On Long Island, Stark’s new comrades Spider-Woman, Cage, Spider-Man and Wolverine are trying to arrest Asgardian-powered street-thug The Wrecker, whilst under the Nevada Desert Director Maria Hill leads a S.H.I.E.L.D. team trying to re-arrest the despondent, semi-catatonic Sentry who never returned after helping to quell the breakout.

She is unhappy that Iron Man and Captain America have invited themselves along, but far more upset that Reynolds seems to be completely insane; terrified of some nebulous, evil other self he calls “The Void”…

Stark has done his homework. The only references to the Sentry on the entire planet are from some old forgotten comicbooks, so he found and brought along the writer of the pamphlets and another tangentially linked individual.

The scribe doesn’t upset the cowering powerhouse nearly as much as Lindy Reynolds, the wife Bob clearly remembers killing…

Following ‘Alien Agenda’ (an extract from an old Sentry comicbook craftily scripted by Paul Jenkins and classily rendered by Sal Buscema), the mystery in the Nevada cave deepens as, confronted with conflicting truths, Bob Reynolds vanishes in a slash of energy…

An emergency meeting of the Illuminati then dredges up a disquieting fact. Even these most puissant forces for good have never heard of Sentry, but shockingly Reed’s personal computer has. As it reels off a tidal wave of records and files it becomes apparent that the mightiest minds on Earth have all been tampered with…

Soon happy suburbanite Bob wakes up on a sunny morning to discover almost every superhero in America on his front lawn and in stunned disbelief then watches them fall to the malignant power of The Void…

The heroes have not come unprepared. The first prong of their assault is a collection of record tapes Sentry made for Mr. Fantastic, detailing how he was having periodic memory lapses where he kept forgetting who he was and suppositions about the true psychic nature of The Void.

Sadly, thanks to telepath Emma Frost, all these revelations are only occurring within his mind whilst his almighty body is occupied smashing the largest assemblage of metahuman power on Earth, but it’s all merely a preamble to Reynolds psychically curing himself…

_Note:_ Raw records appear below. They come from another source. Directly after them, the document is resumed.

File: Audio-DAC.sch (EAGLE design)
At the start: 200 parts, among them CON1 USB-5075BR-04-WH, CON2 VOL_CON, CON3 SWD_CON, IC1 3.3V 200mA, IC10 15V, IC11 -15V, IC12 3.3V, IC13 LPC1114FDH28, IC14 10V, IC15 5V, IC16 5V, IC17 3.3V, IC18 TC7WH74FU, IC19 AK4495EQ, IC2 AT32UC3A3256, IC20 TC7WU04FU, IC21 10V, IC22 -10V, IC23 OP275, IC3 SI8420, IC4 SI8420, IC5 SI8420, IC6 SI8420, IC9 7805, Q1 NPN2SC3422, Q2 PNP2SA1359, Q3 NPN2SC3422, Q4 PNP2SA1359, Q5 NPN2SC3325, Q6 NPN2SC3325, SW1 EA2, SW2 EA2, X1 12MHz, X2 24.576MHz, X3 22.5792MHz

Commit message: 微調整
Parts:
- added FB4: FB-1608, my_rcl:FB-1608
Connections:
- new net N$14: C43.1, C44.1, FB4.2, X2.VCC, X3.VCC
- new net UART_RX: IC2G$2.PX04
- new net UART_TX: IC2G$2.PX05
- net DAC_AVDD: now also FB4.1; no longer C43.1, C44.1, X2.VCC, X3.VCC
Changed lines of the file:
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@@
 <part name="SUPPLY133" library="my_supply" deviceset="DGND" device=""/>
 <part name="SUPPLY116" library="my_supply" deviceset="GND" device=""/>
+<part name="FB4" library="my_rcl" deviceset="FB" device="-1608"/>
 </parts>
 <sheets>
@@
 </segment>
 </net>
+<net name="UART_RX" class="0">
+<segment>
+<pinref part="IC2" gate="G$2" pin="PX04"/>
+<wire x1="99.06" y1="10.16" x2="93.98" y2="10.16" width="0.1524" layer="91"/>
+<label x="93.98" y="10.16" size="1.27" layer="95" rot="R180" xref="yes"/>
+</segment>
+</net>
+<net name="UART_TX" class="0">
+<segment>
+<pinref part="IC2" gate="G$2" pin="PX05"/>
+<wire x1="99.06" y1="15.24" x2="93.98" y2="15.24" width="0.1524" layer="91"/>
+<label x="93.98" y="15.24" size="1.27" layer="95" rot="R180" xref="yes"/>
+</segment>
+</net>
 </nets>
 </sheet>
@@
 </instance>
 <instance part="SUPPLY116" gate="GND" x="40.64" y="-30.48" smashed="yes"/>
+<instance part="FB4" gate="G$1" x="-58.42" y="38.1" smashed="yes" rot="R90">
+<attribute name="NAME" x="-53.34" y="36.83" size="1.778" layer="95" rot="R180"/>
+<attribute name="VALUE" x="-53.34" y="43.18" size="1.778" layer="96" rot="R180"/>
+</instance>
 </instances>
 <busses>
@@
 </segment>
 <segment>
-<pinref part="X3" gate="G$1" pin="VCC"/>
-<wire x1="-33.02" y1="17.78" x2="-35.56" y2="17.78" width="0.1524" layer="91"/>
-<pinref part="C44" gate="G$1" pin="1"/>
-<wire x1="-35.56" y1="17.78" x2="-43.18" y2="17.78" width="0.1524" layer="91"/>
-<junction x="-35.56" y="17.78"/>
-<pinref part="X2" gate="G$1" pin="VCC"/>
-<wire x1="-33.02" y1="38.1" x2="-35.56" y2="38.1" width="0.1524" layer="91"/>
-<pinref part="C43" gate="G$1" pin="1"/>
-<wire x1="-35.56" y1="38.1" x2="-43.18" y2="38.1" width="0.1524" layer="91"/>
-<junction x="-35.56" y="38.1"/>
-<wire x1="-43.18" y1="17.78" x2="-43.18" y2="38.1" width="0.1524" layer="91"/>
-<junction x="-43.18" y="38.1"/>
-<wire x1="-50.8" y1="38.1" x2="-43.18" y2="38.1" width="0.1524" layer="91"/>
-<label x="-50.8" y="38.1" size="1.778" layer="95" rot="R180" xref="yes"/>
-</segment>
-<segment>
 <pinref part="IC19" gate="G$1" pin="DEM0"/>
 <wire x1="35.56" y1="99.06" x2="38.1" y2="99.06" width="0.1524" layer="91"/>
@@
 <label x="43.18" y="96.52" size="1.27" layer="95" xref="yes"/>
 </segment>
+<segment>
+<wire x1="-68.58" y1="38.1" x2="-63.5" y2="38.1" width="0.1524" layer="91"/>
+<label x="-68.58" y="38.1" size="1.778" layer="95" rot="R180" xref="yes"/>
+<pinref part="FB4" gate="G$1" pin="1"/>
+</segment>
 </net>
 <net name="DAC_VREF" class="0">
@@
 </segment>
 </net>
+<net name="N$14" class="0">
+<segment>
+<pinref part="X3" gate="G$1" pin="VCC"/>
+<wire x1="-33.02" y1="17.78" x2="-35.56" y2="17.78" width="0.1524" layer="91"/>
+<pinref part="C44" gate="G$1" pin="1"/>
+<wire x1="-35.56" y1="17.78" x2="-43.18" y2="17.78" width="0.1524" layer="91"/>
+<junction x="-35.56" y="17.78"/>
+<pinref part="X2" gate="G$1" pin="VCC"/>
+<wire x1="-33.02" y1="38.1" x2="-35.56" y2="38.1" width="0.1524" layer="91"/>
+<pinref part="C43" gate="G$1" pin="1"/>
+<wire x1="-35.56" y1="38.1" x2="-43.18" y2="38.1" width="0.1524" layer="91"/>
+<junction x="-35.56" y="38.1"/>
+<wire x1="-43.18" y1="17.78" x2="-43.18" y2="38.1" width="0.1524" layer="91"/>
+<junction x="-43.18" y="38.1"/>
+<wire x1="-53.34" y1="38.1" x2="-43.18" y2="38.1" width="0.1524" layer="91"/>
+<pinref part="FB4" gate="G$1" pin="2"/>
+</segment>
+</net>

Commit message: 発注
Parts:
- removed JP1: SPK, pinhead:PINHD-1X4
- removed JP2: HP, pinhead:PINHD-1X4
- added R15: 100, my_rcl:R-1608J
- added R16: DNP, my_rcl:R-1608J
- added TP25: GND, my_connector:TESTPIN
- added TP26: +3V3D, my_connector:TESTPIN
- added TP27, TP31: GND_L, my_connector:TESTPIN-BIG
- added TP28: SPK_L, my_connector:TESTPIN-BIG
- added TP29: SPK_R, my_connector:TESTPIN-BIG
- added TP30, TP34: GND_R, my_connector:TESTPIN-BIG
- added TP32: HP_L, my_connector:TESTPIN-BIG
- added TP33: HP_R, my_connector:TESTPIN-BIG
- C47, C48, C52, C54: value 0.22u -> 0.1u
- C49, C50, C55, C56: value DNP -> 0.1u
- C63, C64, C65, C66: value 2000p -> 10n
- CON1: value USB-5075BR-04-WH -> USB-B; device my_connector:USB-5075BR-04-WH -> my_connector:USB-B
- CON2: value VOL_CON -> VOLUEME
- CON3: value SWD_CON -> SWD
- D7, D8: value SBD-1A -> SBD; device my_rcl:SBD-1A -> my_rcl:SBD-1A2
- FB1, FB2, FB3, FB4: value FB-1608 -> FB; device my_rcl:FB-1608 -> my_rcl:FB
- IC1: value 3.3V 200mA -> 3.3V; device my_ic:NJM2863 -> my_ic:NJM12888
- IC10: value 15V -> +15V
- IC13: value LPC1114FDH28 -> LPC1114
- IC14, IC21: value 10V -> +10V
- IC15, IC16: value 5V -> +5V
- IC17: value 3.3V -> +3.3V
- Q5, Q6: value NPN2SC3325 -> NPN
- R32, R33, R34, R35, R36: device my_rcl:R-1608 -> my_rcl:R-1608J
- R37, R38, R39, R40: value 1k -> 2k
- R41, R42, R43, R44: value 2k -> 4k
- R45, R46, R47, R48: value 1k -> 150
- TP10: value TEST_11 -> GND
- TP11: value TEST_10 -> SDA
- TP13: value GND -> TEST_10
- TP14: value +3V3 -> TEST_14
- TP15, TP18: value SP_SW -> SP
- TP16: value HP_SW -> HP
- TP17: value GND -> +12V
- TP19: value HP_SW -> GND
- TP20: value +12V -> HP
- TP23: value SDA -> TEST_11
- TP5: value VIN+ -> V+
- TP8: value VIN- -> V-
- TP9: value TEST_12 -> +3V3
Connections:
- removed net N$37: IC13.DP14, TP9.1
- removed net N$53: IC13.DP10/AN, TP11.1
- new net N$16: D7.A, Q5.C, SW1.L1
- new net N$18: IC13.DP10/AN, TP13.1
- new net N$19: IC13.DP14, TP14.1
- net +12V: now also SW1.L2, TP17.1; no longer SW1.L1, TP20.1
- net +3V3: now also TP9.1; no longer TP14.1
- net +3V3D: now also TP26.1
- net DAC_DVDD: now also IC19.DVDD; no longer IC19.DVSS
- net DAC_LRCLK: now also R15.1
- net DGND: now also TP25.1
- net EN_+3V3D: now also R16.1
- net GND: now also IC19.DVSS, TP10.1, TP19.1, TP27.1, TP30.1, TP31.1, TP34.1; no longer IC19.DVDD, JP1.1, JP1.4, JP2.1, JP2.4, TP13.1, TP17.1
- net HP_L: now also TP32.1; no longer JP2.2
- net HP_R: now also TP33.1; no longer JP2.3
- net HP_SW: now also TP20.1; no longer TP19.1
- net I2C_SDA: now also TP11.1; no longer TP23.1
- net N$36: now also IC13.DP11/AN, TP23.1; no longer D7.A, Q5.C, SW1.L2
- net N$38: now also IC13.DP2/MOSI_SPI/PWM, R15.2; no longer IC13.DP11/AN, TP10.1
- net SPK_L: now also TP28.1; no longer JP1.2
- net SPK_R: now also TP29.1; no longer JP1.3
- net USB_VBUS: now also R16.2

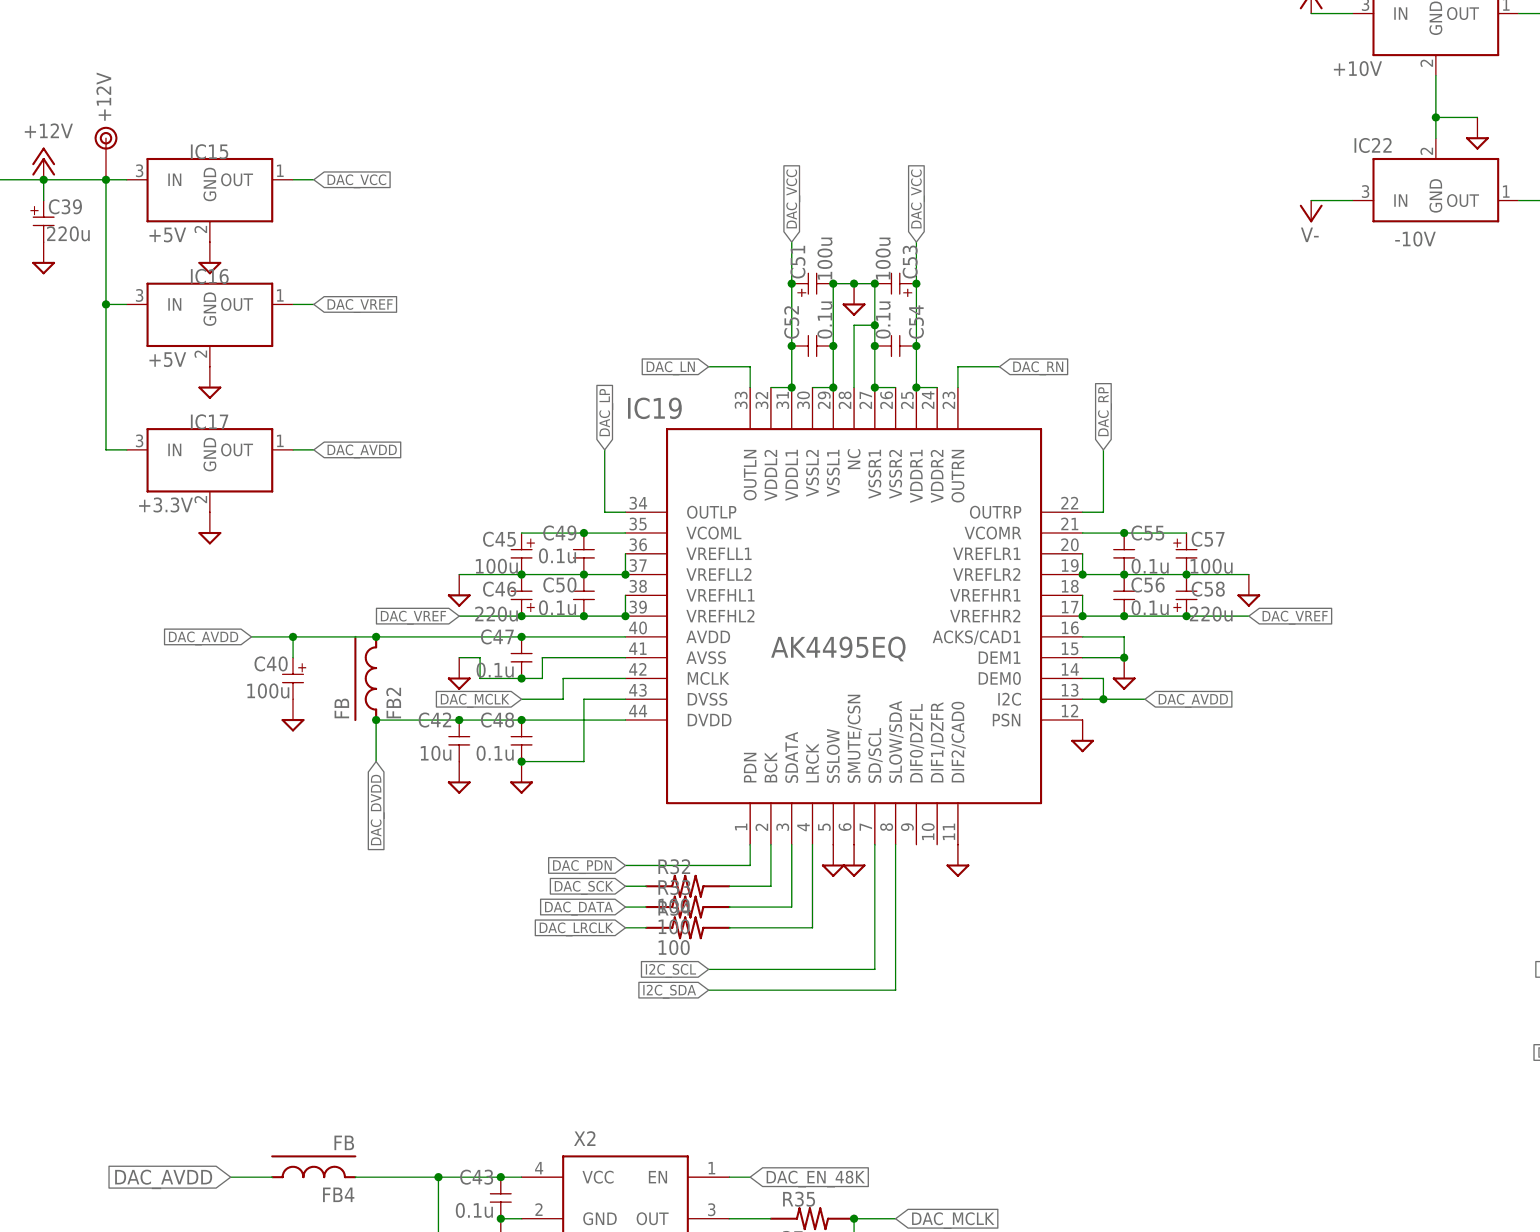
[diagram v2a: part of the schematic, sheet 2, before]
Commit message: Change to AK4493
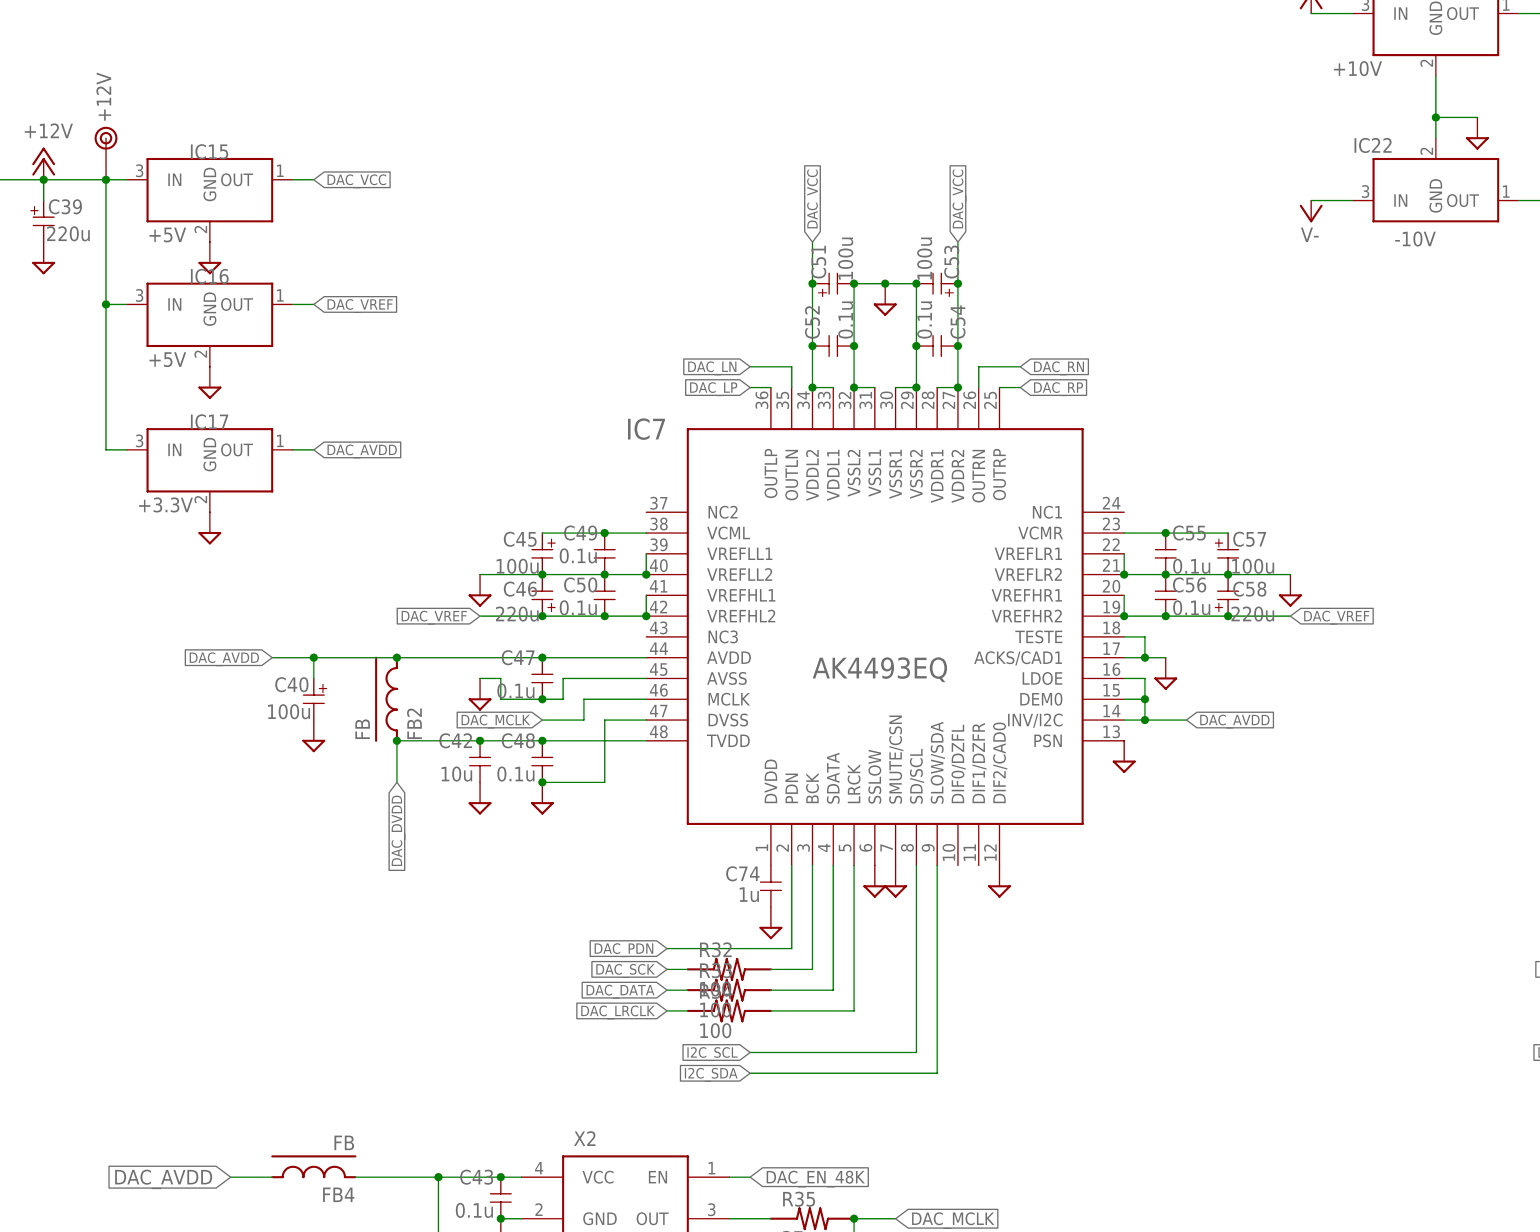
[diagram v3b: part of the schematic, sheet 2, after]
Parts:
- removed IC19: AK4495EQ, my_ic:AK4495EQ
- added C74: 1u, my_rcl:C-1608
- added IC7: AK4493EQ, my_ic:AK4493EQ
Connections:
- new net N$37: C74.1, IC7.DVDD
- net DAC_AVDD: now also IC7.AVDD, IC7.DEM0, IC7.INV/I2C, IC7.LDOE; no longer IC19.AVDD, IC19.DEM0, IC19.I2C
- net DAC_DVDD: now also IC7.TVDD; no longer IC19.DVDD
- net DAC_LN: now also IC7.OUTLN; no longer IC19.OUTLN
- net DAC_LP: now also IC7.OUTLP; no longer IC19.OUTLP
- net DAC_MCLK: now also IC7.MCLK; no longer IC19.MCLK
- net DAC_PDN: now also IC7.PDN; no longer IC19.PDN
- net DAC_RN: now also IC7.OUTRN; no longer IC19.OUTRN
- net DAC_RP: now also IC7.OUTRP; no longer IC19.OUTRP
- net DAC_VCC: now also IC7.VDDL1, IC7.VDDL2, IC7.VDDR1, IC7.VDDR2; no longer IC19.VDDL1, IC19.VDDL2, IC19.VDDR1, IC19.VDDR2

When the breakthrough finally comes and the villains behind brainwashing Sentry and mindwiping the world are exposed, the psionic backlash instantly transforms the Avengers’ monumental and far distant New York skyscraper, creating an eerie ebony Watchtower above it in the blink of an eye…

The apparently healed hero then joins the team, but only, as Stark advises his Illuminati brethren, to keep him closely monitored…

Plot-light and blockbustingly all-action, this volume also includes the 50-page New Avengers: Most Wanted Handbook, which provides information and a list of various metahuman prisons in the MU and detailed data and threat-assessment reports by the costumed champions on the Raft fugitives they missed; specifically Armadillo, Barbarus, Blackout, Blood Brothers, Brothers Grimm, Bushwacker, Carnage, Centurious, Chemistro, Constrictor, Controller, Corruptor, Count Nefaria, Crossbones, Crossfire, Crusader, Cutthroat, Deathwatch, Dr. Demonicus, Foolkiller, Graviton, Grey Gargoyle, Griffin, Hydro-Man, Jigsaw, King Kobra, Mandrill, Mentallo, Mr. Fear, Mr. Hyde, Molecule Man, Nitro, Purple Man, Rampage, Razor-Fist, Sauron, Scarecrow, Shockwave, Silver Samurai, Slug, Tiger Shark, Typhoid Mary, U-Foes, Vermin, Wrecking Crew and Zzzaxx…

With covers-&-variants by David Finch, Steve McNiven, Neal Adams, John Romita Sr., Herb Trimpe & Sal Buscema this is a deliciously plain and simple Fights ‘n’ Tights fiesta for the devoted fanbase and another terrific  jumping-on point for readers familiar with the TV animation series and movie franchises of the World’s Greatest Superheroes.